*** Opening INFORMATION GIVEN ***
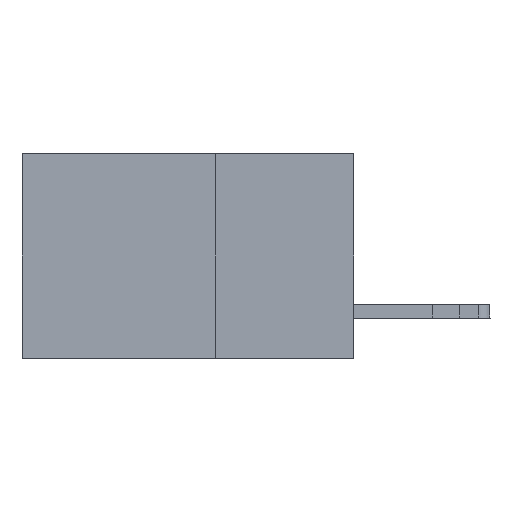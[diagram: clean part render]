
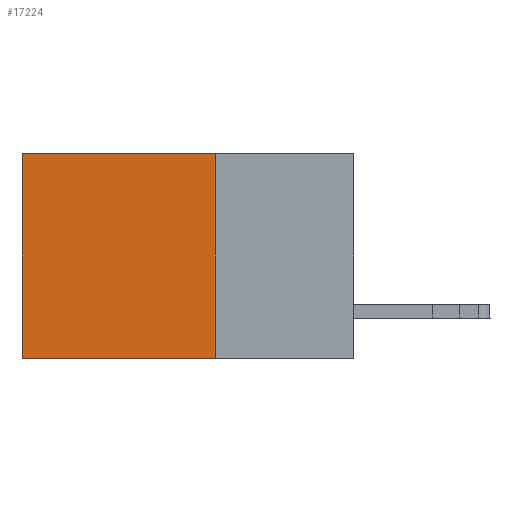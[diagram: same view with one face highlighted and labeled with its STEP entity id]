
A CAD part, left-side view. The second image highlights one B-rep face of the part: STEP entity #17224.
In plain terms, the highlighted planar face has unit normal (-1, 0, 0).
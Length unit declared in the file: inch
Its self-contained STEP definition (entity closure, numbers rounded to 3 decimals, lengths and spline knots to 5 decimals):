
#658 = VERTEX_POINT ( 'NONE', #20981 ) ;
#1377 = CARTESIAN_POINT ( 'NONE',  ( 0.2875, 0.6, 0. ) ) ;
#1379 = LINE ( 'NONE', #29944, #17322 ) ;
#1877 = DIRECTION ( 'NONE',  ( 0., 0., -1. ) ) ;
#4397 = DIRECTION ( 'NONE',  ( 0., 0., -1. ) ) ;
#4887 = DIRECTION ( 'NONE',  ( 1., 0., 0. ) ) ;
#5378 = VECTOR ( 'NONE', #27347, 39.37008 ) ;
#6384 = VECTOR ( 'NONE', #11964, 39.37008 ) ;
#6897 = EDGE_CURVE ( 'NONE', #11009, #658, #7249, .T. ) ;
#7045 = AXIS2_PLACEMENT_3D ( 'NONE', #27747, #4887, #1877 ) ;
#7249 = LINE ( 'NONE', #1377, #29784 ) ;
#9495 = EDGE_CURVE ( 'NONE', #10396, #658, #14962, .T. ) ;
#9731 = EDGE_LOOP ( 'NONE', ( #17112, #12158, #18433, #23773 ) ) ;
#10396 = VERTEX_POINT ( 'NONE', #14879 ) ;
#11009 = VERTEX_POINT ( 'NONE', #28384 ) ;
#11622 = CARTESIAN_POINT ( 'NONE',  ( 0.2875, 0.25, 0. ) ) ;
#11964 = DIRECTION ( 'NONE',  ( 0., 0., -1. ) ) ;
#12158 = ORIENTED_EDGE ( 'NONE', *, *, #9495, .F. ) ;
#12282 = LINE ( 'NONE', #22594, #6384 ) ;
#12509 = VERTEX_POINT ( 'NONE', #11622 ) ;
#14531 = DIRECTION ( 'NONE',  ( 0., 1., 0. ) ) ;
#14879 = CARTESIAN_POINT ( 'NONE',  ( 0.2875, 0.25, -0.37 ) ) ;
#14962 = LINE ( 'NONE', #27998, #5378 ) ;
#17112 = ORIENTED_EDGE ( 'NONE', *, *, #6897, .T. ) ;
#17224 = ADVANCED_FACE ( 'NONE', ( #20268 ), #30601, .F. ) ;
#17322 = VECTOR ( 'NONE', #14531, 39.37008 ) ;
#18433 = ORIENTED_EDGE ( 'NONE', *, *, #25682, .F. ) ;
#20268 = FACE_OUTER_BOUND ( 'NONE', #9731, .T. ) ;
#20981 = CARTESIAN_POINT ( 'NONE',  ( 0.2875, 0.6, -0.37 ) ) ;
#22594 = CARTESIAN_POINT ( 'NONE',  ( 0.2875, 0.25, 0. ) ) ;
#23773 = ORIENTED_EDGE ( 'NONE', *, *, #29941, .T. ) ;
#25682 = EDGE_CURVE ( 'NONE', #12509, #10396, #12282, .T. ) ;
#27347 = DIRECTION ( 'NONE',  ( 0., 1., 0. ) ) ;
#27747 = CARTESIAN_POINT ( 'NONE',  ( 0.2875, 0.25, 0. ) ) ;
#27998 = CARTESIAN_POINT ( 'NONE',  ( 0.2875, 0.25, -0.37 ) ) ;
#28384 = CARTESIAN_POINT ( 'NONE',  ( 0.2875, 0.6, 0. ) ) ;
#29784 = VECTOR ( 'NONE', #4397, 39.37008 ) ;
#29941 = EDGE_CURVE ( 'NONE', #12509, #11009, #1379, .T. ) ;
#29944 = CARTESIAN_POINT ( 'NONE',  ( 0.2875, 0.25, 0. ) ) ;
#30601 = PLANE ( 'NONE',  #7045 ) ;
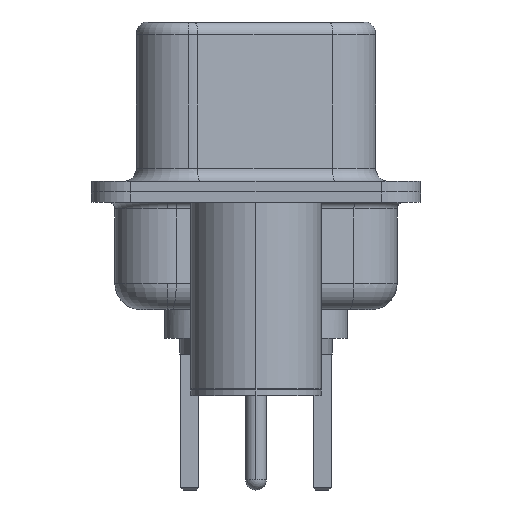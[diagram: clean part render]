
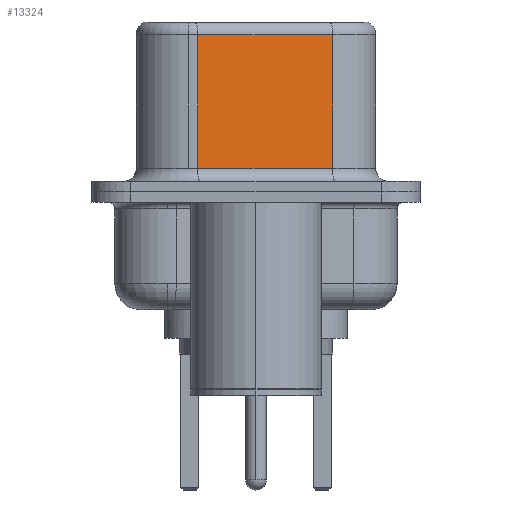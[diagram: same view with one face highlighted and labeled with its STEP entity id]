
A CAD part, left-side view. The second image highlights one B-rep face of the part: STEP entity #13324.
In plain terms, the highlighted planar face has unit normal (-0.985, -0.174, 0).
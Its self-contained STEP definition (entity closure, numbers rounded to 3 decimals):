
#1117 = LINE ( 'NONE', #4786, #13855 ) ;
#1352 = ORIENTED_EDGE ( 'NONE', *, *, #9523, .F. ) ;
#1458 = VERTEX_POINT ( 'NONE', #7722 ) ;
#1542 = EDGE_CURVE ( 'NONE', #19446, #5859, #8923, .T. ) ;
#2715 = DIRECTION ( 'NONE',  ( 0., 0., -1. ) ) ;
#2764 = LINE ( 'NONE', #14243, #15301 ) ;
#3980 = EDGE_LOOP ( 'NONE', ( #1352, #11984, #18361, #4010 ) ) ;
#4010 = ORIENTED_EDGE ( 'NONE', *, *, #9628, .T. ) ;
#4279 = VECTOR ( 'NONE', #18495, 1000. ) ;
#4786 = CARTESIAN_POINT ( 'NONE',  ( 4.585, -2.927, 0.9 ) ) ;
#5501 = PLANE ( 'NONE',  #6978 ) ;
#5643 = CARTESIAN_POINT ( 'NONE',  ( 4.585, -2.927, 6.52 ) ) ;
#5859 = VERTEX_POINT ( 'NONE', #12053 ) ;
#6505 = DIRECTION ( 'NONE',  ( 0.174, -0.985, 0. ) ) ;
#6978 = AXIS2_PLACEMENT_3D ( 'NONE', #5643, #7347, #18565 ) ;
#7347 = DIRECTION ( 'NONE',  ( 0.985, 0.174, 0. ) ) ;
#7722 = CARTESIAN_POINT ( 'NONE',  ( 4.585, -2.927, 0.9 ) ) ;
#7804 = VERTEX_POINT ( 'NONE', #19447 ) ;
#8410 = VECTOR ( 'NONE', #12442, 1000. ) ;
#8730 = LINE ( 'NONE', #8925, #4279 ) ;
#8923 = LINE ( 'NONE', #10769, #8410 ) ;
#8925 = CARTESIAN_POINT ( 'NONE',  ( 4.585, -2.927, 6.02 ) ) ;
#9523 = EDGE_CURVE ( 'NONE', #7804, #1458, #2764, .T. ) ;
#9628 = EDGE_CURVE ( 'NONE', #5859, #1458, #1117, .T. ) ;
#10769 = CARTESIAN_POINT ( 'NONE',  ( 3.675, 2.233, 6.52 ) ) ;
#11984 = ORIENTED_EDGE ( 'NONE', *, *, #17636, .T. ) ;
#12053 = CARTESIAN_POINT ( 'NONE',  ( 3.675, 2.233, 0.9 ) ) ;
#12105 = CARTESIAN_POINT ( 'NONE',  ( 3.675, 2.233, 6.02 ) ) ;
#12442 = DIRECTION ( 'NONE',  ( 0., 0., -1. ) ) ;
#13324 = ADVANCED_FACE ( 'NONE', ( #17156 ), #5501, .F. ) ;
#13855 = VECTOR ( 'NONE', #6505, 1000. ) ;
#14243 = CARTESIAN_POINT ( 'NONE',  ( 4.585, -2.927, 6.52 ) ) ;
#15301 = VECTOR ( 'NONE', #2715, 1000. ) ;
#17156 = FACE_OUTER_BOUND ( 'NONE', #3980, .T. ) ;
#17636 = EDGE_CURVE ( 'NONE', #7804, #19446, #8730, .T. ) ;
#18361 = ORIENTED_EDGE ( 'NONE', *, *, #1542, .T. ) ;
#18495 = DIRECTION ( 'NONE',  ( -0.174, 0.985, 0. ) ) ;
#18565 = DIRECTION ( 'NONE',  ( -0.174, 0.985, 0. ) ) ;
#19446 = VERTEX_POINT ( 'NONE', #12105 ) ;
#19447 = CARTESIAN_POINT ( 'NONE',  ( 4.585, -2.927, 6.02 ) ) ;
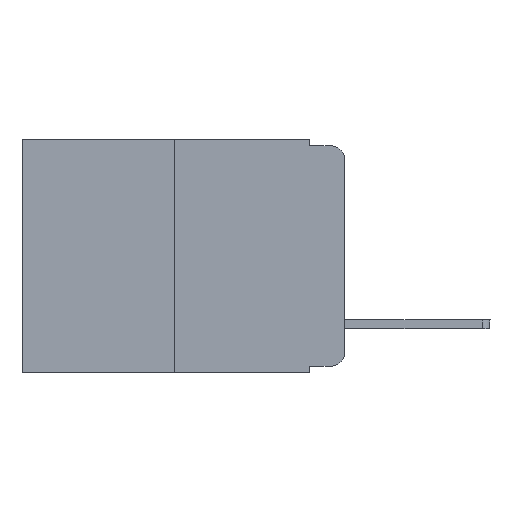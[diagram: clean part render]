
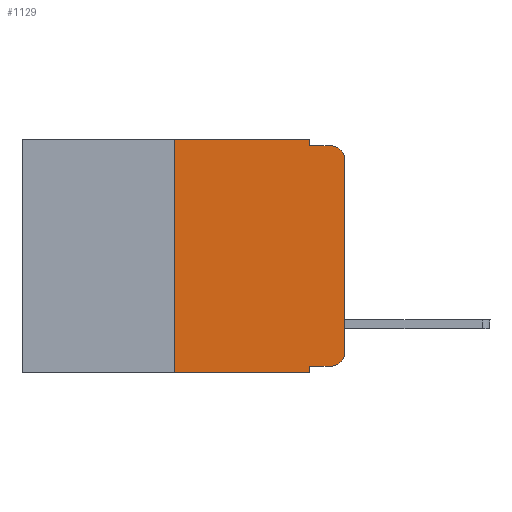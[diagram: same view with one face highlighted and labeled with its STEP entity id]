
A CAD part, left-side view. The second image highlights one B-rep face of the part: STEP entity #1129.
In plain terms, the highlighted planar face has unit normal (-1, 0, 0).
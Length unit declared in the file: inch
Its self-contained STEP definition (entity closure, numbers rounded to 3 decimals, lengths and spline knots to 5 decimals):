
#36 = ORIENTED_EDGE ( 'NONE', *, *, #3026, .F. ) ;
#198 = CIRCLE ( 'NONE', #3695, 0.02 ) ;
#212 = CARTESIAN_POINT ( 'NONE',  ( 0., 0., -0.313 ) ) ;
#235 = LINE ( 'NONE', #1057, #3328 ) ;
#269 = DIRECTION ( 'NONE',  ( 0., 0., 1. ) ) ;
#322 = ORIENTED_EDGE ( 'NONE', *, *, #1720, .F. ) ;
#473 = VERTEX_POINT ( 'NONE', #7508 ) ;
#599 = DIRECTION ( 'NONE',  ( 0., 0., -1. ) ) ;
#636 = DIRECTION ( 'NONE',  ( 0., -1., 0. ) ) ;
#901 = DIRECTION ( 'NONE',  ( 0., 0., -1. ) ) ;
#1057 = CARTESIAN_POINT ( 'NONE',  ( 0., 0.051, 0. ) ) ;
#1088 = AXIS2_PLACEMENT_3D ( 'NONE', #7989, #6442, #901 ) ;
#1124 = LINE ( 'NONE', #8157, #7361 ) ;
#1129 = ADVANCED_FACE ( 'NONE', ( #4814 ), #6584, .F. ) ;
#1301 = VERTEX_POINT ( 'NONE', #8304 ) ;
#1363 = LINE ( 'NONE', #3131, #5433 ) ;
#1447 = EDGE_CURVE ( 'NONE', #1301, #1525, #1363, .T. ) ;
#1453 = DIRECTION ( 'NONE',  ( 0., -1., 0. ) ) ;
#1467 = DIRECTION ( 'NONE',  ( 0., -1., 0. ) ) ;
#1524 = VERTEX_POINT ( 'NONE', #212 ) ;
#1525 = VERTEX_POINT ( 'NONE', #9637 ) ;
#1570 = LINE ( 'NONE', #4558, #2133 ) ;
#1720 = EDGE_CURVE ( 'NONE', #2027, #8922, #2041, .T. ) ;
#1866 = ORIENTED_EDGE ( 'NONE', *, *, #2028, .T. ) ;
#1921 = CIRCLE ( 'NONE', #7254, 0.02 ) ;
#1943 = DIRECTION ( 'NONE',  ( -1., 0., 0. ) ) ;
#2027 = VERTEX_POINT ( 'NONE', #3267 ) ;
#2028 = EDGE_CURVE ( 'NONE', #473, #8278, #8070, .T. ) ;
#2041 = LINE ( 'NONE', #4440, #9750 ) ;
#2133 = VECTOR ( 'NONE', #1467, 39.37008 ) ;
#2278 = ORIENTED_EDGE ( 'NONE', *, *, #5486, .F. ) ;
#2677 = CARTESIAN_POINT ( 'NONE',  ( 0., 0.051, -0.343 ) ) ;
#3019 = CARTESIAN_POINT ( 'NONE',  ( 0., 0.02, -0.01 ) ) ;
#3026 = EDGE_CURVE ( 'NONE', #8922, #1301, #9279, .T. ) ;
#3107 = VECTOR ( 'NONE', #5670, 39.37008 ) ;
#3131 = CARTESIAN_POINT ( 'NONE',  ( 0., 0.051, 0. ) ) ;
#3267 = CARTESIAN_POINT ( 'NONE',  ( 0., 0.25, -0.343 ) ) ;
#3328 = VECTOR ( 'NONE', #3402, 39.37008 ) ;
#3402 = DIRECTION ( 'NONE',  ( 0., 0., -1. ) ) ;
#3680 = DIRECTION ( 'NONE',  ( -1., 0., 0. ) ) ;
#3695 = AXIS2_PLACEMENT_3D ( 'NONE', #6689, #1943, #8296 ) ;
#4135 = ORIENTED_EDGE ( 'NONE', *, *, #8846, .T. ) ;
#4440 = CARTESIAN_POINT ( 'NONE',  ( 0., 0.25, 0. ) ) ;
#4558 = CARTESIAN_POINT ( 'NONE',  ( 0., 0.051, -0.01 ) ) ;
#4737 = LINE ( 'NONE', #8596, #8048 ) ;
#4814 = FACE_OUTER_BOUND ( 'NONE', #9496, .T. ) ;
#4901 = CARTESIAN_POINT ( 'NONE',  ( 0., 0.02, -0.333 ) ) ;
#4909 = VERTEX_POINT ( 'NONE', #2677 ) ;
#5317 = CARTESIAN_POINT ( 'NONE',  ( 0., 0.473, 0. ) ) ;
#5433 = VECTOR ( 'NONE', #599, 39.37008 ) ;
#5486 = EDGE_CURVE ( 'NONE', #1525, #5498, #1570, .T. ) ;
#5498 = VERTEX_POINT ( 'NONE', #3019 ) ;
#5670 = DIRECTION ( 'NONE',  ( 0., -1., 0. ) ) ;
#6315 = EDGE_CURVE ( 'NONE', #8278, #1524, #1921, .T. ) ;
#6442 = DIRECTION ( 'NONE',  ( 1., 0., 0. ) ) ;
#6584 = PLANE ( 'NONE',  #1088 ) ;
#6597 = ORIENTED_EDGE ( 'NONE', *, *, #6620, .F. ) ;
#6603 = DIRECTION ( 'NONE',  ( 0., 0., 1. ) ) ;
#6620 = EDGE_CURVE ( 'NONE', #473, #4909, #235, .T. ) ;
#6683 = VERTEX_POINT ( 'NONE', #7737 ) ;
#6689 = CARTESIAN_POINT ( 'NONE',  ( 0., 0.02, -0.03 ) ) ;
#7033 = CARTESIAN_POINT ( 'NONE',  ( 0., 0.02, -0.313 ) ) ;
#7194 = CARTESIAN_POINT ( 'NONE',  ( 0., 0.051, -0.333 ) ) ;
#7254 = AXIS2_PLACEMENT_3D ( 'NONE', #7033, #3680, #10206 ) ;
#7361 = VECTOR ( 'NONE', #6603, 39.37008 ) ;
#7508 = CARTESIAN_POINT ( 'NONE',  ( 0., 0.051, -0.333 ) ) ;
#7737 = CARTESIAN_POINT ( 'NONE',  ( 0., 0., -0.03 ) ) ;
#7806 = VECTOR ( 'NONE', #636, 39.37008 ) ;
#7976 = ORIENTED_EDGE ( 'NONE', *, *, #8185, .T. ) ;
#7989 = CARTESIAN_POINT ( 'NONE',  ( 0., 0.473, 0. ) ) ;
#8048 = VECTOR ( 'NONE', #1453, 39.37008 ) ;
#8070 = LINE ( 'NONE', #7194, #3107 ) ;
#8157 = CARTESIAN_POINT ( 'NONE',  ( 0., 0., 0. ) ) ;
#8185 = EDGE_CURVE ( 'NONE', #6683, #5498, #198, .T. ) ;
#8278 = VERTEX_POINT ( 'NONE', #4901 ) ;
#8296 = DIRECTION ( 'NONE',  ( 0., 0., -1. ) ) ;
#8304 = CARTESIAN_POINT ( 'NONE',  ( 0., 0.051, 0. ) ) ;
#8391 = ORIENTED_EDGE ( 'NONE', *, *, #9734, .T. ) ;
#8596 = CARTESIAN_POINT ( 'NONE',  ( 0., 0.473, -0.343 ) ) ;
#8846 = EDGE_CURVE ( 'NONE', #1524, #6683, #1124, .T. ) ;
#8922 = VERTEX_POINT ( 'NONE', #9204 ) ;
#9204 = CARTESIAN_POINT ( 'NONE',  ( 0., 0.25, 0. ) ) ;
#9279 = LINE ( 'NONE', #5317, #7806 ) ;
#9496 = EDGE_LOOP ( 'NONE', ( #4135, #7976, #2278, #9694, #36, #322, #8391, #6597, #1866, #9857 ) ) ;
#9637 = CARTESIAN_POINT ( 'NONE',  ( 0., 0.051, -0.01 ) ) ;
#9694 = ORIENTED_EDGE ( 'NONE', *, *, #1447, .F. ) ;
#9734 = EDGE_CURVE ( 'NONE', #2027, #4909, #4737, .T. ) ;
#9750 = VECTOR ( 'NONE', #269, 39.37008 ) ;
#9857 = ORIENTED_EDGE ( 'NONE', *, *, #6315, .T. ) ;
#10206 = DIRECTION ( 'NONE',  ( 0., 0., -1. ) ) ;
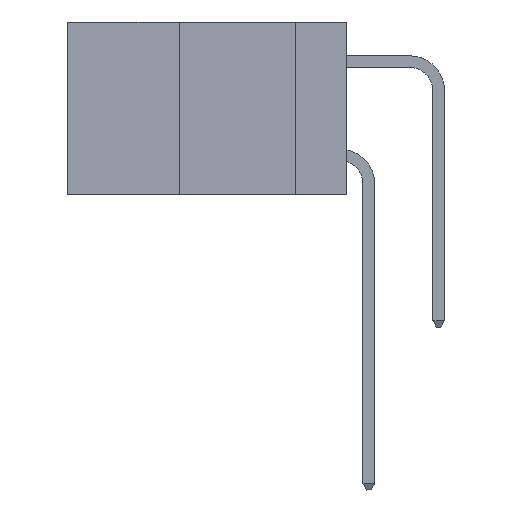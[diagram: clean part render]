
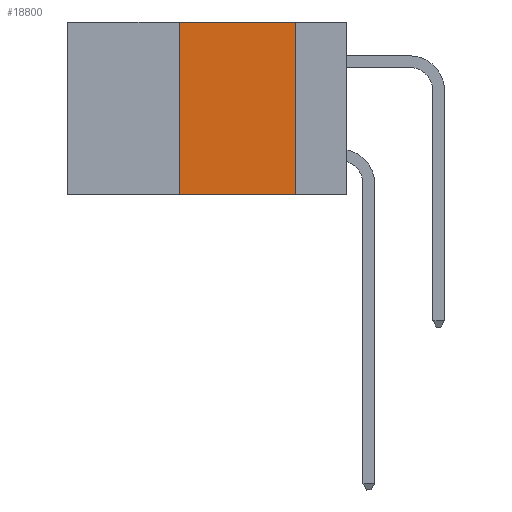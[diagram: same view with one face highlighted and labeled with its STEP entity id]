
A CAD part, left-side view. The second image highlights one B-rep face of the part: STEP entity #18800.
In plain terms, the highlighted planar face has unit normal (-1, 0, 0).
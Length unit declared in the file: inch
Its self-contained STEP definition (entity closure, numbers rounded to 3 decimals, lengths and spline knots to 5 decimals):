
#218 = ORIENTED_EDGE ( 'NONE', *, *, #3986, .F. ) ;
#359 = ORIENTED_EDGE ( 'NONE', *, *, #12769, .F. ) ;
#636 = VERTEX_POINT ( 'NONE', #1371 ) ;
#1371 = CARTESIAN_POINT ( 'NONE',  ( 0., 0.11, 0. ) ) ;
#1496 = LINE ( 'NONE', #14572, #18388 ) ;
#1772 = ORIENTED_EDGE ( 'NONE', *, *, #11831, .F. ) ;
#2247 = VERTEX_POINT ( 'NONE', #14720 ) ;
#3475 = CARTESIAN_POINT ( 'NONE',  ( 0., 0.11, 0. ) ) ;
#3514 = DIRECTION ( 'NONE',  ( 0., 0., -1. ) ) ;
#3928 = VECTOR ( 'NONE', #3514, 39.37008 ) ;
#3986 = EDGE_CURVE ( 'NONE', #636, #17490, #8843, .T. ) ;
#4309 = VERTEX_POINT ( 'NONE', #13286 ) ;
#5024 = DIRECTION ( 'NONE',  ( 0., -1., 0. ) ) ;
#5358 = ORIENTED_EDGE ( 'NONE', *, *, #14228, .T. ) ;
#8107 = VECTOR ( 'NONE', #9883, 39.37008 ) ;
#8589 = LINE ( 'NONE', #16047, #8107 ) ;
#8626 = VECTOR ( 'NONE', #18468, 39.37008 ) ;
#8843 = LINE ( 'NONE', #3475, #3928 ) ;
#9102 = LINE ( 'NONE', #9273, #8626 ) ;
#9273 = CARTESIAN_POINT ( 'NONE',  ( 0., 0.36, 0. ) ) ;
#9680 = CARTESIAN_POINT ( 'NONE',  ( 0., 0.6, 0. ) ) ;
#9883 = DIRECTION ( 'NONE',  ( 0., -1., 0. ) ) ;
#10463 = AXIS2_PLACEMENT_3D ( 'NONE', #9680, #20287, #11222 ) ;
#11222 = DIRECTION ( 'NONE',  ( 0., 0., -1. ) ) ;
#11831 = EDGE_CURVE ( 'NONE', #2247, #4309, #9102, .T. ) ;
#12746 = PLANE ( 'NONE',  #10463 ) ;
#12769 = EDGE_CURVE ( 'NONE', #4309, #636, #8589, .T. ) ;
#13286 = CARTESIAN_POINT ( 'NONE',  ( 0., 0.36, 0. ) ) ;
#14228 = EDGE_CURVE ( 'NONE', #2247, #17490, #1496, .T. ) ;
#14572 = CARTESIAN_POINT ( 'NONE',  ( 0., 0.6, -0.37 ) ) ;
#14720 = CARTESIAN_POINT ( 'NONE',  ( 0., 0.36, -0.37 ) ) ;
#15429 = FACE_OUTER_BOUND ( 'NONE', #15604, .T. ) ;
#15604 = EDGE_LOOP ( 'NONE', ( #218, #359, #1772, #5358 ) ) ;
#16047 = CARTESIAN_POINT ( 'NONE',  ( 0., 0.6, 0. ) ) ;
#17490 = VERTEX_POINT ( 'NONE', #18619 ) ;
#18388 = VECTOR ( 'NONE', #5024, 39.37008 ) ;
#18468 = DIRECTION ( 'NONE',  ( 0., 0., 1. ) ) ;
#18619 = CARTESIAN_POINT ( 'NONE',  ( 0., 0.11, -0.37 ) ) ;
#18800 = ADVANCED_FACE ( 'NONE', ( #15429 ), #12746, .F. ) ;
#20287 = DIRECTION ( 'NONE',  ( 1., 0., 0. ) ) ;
*** Closing INFORMATION GIVEN ***
TASK ITEM: Could you restate, word for word, the lines above from the one with "#1772 = ORIENTED_EDGE" to the one with "#8107 = VECTOR ( 'NONE', #9883, 39.37008 ) ;", both included?

ANSWER AREA:
#1772 = ORIENTED_EDGE ( 'NONE', *, *, #11831, .F. ) ;
#2247 = VERTEX_POINT ( 'NONE', #14720 ) ;
#3475 = CARTESIAN_POINT ( 'NONE',  ( 0., 0.11, 0. ) ) ;
#3514 = DIRECTION ( 'NONE',  ( 0., 0., -1. ) ) ;
#3928 = VECTOR ( 'NONE', #3514, 39.37008 ) ;
#3986 = EDGE_CURVE ( 'NONE', #636, #17490, #8843, .T. ) ;
#4309 = VERTEX_POINT ( 'NONE', #13286 ) ;
#5024 = DIRECTION ( 'NONE',  ( 0., -1., 0. ) ) ;
#5358 = ORIENTED_EDGE ( 'NONE', *, *, #14228, .T. ) ;
#8107 = VECTOR ( 'NONE', #9883, 39.37008 ) ;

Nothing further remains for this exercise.